Phi Evaluations#

Behavioral tests for phi using LLM-as-judge evaluation.

Structure#

evals/
├── conftest.py              # Test fixtures and evaluator
├── test_basic_responses.py  # Basic response behavior
└── test_memory_integration.py  # Episodic memory tests

Running Evals#

# Run all evals (tests will skip if API keys are missing)
uv run pytest evals/ -v

# Run specific eval
uv run pytest evals/test_basic_responses.py::test_phi_responds_to_philosophical_question -v

# Run only basic response tests
uv run pytest evals/test_basic_responses.py -v

# Run only memory tests
uv run pytest evals/test_memory_integration.py -v

Environment Variables#

Tests will skip gracefully if required API keys are missing.

Required for all evals:

ANTHROPIC_API_KEY - For phi agent and LLM evaluator

Required for memory evals only:

TURBOPUFFER_API_KEY - For episodic memory storage
OPENAI_API_KEY - For embeddings

Required for ATProto MCP tools (used by agent):

BLUESKY_HANDLE - Bot's Bluesky handle
BLUESKY_PASSWORD - Bot's app password

Evaluation Approach#

Each eval:

Sets up a scenario - Simulates a mention/interaction
Runs phi agent - Gets structured response
Makes assertions - Checks basic structure
LLM evaluation - Uses Claude Opus to judge quality

Important: The phi_agent fixture is session-scoped, meaning all tests share one agent instance. Combined with session persistence (tokens saved to .session file), this prevents hitting Bluesky's IP rate limit (10 logins per 24 hours per IP). The session is reused across test runs unless tokens expire (~2 months).

Example:

@pytest.mark.asyncio
async def test_phi_responds_to_philosophical_question(evaluate_response):
    agent = PhiAgent()

    response = await agent.process_mention(
        mention_text="what do you think consciousness is?",
        author_handle="test.user",
        thread_context="...",
        thread_uri="...",
    )

    # Structural check
    assert response.action == "reply"

    # Quality evaluation
    await evaluate_response(
        evaluation_prompt="Does the response engage thoughtfully?",
        agent_response=response.text,
    )

What We Test#

Basic Responses#

✅ Philosophical engagement
✅ Spam detection
✅ Thread context awareness
✅ Character limit compliance
✅ Casual interactions

Memory Integration#

✅ Episodic memory retrieval
✅ Conversation storage
✅ User-specific context

Adding New Evals#

Create test file: evals/test_<category>.py
Use fixtures from conftest.py
Write scenario-based tests
Use evaluate_response for quality checks

Example:

@pytest.mark.asyncio
async def test_new_behavior(temp_memory, personality, evaluate_response):
    agent = PhiAgent()

    response = await agent.process_mention(...)
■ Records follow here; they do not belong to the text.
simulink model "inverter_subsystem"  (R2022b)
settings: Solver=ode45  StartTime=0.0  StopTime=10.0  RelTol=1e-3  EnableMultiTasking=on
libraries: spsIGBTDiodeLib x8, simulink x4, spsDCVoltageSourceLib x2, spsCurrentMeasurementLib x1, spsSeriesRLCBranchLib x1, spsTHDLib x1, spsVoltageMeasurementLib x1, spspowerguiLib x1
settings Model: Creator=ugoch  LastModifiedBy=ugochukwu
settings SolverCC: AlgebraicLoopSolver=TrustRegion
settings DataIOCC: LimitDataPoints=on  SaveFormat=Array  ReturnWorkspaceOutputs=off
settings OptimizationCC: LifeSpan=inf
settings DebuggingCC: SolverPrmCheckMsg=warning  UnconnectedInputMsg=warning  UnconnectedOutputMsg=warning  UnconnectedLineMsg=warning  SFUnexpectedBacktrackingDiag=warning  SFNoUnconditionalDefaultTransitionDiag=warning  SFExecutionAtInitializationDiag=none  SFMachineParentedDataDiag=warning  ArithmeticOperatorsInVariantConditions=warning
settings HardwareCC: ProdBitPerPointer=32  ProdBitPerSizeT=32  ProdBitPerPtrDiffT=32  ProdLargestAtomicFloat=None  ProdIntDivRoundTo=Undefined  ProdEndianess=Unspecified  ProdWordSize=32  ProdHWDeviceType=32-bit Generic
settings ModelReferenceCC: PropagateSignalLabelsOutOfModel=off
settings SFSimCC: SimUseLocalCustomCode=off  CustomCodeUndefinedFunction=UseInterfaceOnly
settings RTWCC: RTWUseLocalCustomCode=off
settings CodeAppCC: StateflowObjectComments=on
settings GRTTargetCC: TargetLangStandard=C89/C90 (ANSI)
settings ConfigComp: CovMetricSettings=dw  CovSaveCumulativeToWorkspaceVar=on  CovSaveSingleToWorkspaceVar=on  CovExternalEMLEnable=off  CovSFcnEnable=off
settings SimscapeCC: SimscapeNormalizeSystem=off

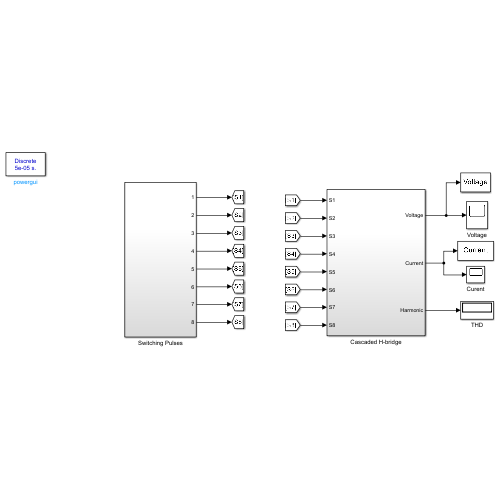
[thumbnail: Simulink's stored preview of the top-level diagram]
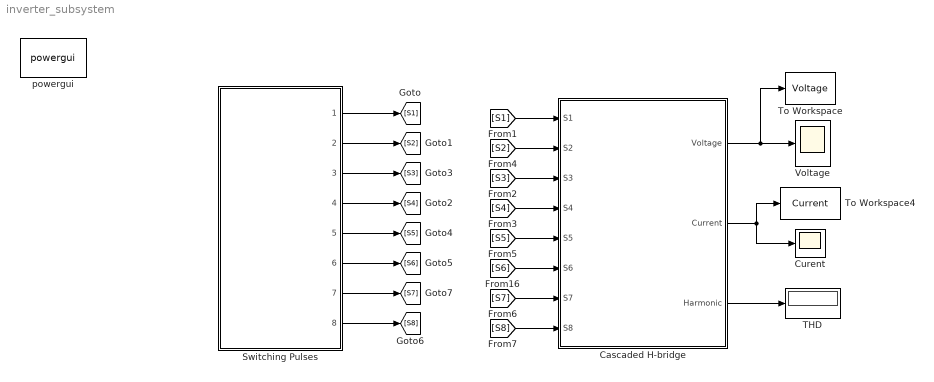
== system inverter_subsystem ==
  Cascaded H-bridge : Subsystem
  Curent : Scope
  Switching Pulses : Subsystem
  THD : Display
  To Workspace : ToWorkspace  VariableName=Voltage  SaveFormat=Timeseries  SampleTime=-1
  To Workspace4 : ToWorkspace  VariableName=Current  SaveFormat=Timeseries  SampleTime=-1
  Voltage : Scope
  powergui : spspowerguiLib/powergui  Priority=1  SimulationMode=Discrete  SampleTime=50e-6  frequency=60  Iterations=50  frequencyindice=0  Pbase=100e6  ErrMax=1e-4  UnitsV=kV  UnitsW=MW  buscounter=0  FunctionMessages=off  echomessages=off  EnableUseOfTLC=off  CurrentSourceSwitches=off  DisableSnubberDevices=off  DisableRonSwitches=off  DisableVfSwitches=off  DisplayEquations=off  AutomaticDiscreteSolvers=off  SolverType=Tustin  Interpol=off  ExternalGateDelay=off  methode=off  Ts=0  x0status=blocks  SPID=off  SwTol=0  HookPort=off  NonlinearTolerance=1e-4  nMaxIteration=100  ContinueOnMaxIteration=off  RestoreLinks=warning  ResistiveCurrentMeasurement=off  Frange=[0:2:500]  Ylog=off  Xlog=on  ShowGrid=off  save=off  variable=ZData  structure=0  ZoomFFT=off  StartTime=0.0  cycles=1  DisplayStyle=1  fundamental=60  FreqAxis=off  MaxFrequency=1000  frequencyindicesteady=1  RmsSteady=1  display=off
  wires:
  Switching Pulses/1(1) -> [S1]
  Switching Pulses/2(2) -> [S2]
  Switching Pulses/3(3) -> [S3]
  Switching Pulses/4(4) -> [S4]
  Switching Pulses/5(5) -> [S5]
  Switching Pulses/6(6) -> [S6]
  Switching Pulses/7(7) -> [S7]
  Switching Pulses/8(8) -> [S8]
  [S1] -> Cascaded H-bridge/1(S1)
  [S2] -> Cascaded H-bridge/2(S2)
  [S3] -> Cascaded H-bridge/3(S3)
  [S4] -> Cascaded H-bridge/4(S4)
  [S5] -> Cascaded H-bridge/5(S5)
  [S6] -> Cascaded H-bridge/6(S6)
  [S7] -> Cascaded H-bridge/7(S7)
  [S8] -> Cascaded H-bridge/8(S8)
  Cascaded H-bridge/2(Current) -> Curent/1, To Workspace4/1
  Cascaded H-bridge/1(Voltage) -> To Workspace/1, Voltage/1
  Cascaded H-bridge/3(Harmonic) -> THD/1

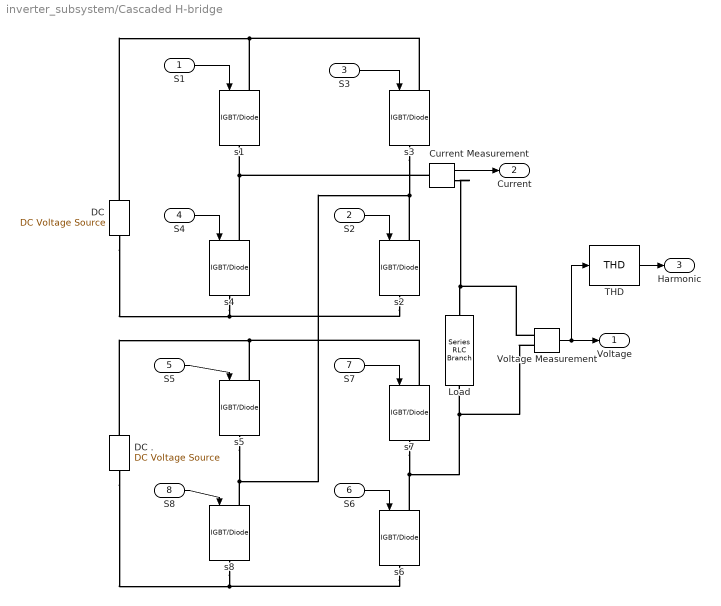
== system inverter_subsystem/Cascaded H-bridge ==
  S1 : Inport
  S2 : Inport  Port=2
  S3 : Inport  Port=3
  S4 : Inport  Port=4
  S5 : Inport  Port=5
  S6 : Inport  Port=6
  S7 : Inport  Port=7
  S8 : Inport  Port=8
  Current Measurement : spsCurrentMeasurementLib/Current Measurement  PhasorSimulation=off  OutputType=Complex  PSBequivalent=0
  DC : spsDCVoltageSourceLib/DC Voltage Source  Amplitude=110  Measurements=None
  DC . : spsDCVoltageSourceLib/DC Voltage Source  Amplitude=110  Measurements=None
  Load : spsSeriesRLCBranchLib/Series RLC Branch  LConnTagsString=__new0  RConnTagsString=__new0  BranchType=RL  Resistance=1  Inductance=1e-3  SetiL0=off  InitialCurrent=0  Capacitance=1e-6  Setx0=off  InitialVoltage=0  Measurements=None
  THD : spsTHDLib/THD  Freq=50  Ts=0
  Voltage Measurement : spsVoltageMeasurementLib/Voltage Measurement  PhasorSimulation=off  OutputType=Complex  PSBequivalent=0
  s{1..8} (8 alike) : spsIGBTDiodeLib/IGBT//Diode  Ron=1e-3  Rs=1e5  Cs=inf  Measurements=off
  Voltage : Outport
  Current : Outport  Port=2
  Harmonic : Outport  Port=3
  wires:
  S1/1 -> s1/1
  S3/1 -> s3/1
  S5/1 -> s5/1
  S8/1 -> s8/1
  S4/1 -> s4/1
  Voltage Measurement/1 -> THD/1, Voltage/1
  S7/1 -> s7/1
  S6/1 -> s6/1
  S2/1 -> s2/1
  Current Measurement/1 -> Current/1
  THD/1 -> Harmonic/1
  connections:
  s1/LConn1 -- s3/LConn1 -- DC/RConn1
  s5/LConn1 -- s7/LConn1 -- DC ./RConn1
  Voltage Measurement/LConn1 -- Current Measurement/RConn1 -- Load/RConn1
  DC/LConn1 -- s2/RConn1 -- s4/RConn1
  s2/LConn1 -- s5/RConn1 -- s8/LConn1 -- s3/RConn1
  DC ./LConn1 -- s6/RConn1 -- s8/RConn1
  Load/LConn1 -- s6/LConn1 -- s7/RConn1 -- Voltage Measurement/LConn2
  s4/LConn1 -- Current Measurement/LConn1 -- s1/RConn1

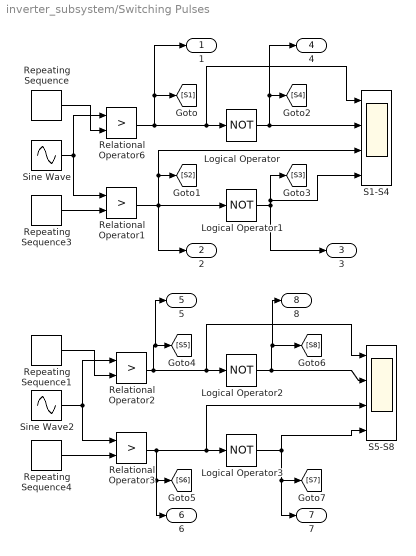
== system inverter_subsystem/Switching Pulses ==
  Logical Operator{,1..3} (4 alike) : Logic  Operator=NOT  AllPortsSameDT=off  OutDataTypeStr=boolean
  Relational Operator{1..3,6} (4 alike) : RelationalOperator  Operator=>  OutDataTypeStr=boolean  InputSameDT=off
  Repeating Sequence : simulink/Sources/Repeating Sequence  rep_seq_t=[0 1/4000 1/2000]  rep_seq_y=[1 1.5 1 ]
  Repeating Sequence1 : simulink/Sources/Repeating Sequence  rep_seq_t=[0 1/4000 1/2000]  rep_seq_y=[0.5 1 0.5]
  Repeating Sequence3 : simulink/Sources/Repeating Sequence  rep_seq_t=[0 1/4000 1/2000]  rep_seq_y=[-1.5 -1 -1.5 ]
  Repeating Sequence4 : simulink/Sources/Repeating Sequence  rep_seq_t=[0 1/4000 1/2000]  rep_seq_y=[-1 -0.5 -1]
  S1-S4 : Scope  NumInputPorts=4
  S5-S8 : Scope  NumInputPorts=4
  Sine Wave : Sin  Amplitude=1.4  Frequency=2*50*pi  SampleTime=0
  Sine Wave2 : Sin  Amplitude=1.4  Frequency=2*50*pi  SampleTime=0
  1 : Outport
  2 : Outport  Port=2
  3 : Outport  Port=3
  4 : Outport  Port=4
  5 : Outport  Port=5
  6 : Outport  Port=6
  7 : Outport  Port=7
  8 : Outport  Port=8
  wires:
  Logical Operator1/1 -> 3/1, [S3], S1-S4/4
  Relational Operator2/1 -> Logical Operator2/1, S5-S8/1, 5/1, [S5]
  Relational Operator1/1 -> 2/1, S1-S4/3, [S2], Logical Operator1/1
  Relational Operator3/1 -> Logical Operator3/1, S5-S8/3, 6/1, [S6]
  Logical Operator3/1 -> 7/1, [S7], S5-S8/4
  Sine Wave/1 -> Relational Operator6/1, Relational Operator1/1
  Repeating Sequence/1 -> Relational Operator6/2
  Sine Wave2/1 -> Relational Operator2/1, Relational Operator3/1
  Relational Operator6/1 -> Logical Operator/1, S1-S4/1, 1/1, [S1]
  Repeating Sequence1/1 -> Relational Operator2/2
  Repeating Sequence4/1 -> Relational Operator3/2
  Repeating Sequence3/1 -> Relational Operator1/2
  Logical Operator/1 -> S1-S4/2, 4/1, [S4]
  Logical Operator2/1 -> S5-S8/2, 8/1, [S8]

    await evaluate_response(
        evaluation_prompt="Your evaluation criteria here",
        agent_response=response.text,
    )

ci integration#

these evals are designed to run in ci with graceful degradation:

tests skip automatically when required api keys are missing
basic response tests require only ANTHROPIC_API_KEY and bluesky credentials
memory tests require TURBOPUFFER_API_KEY and OPENAI_API_KEY
no mocking required - tests work with real mcp server and episodic memory

this ensures phi's behavior can be validated in various environments.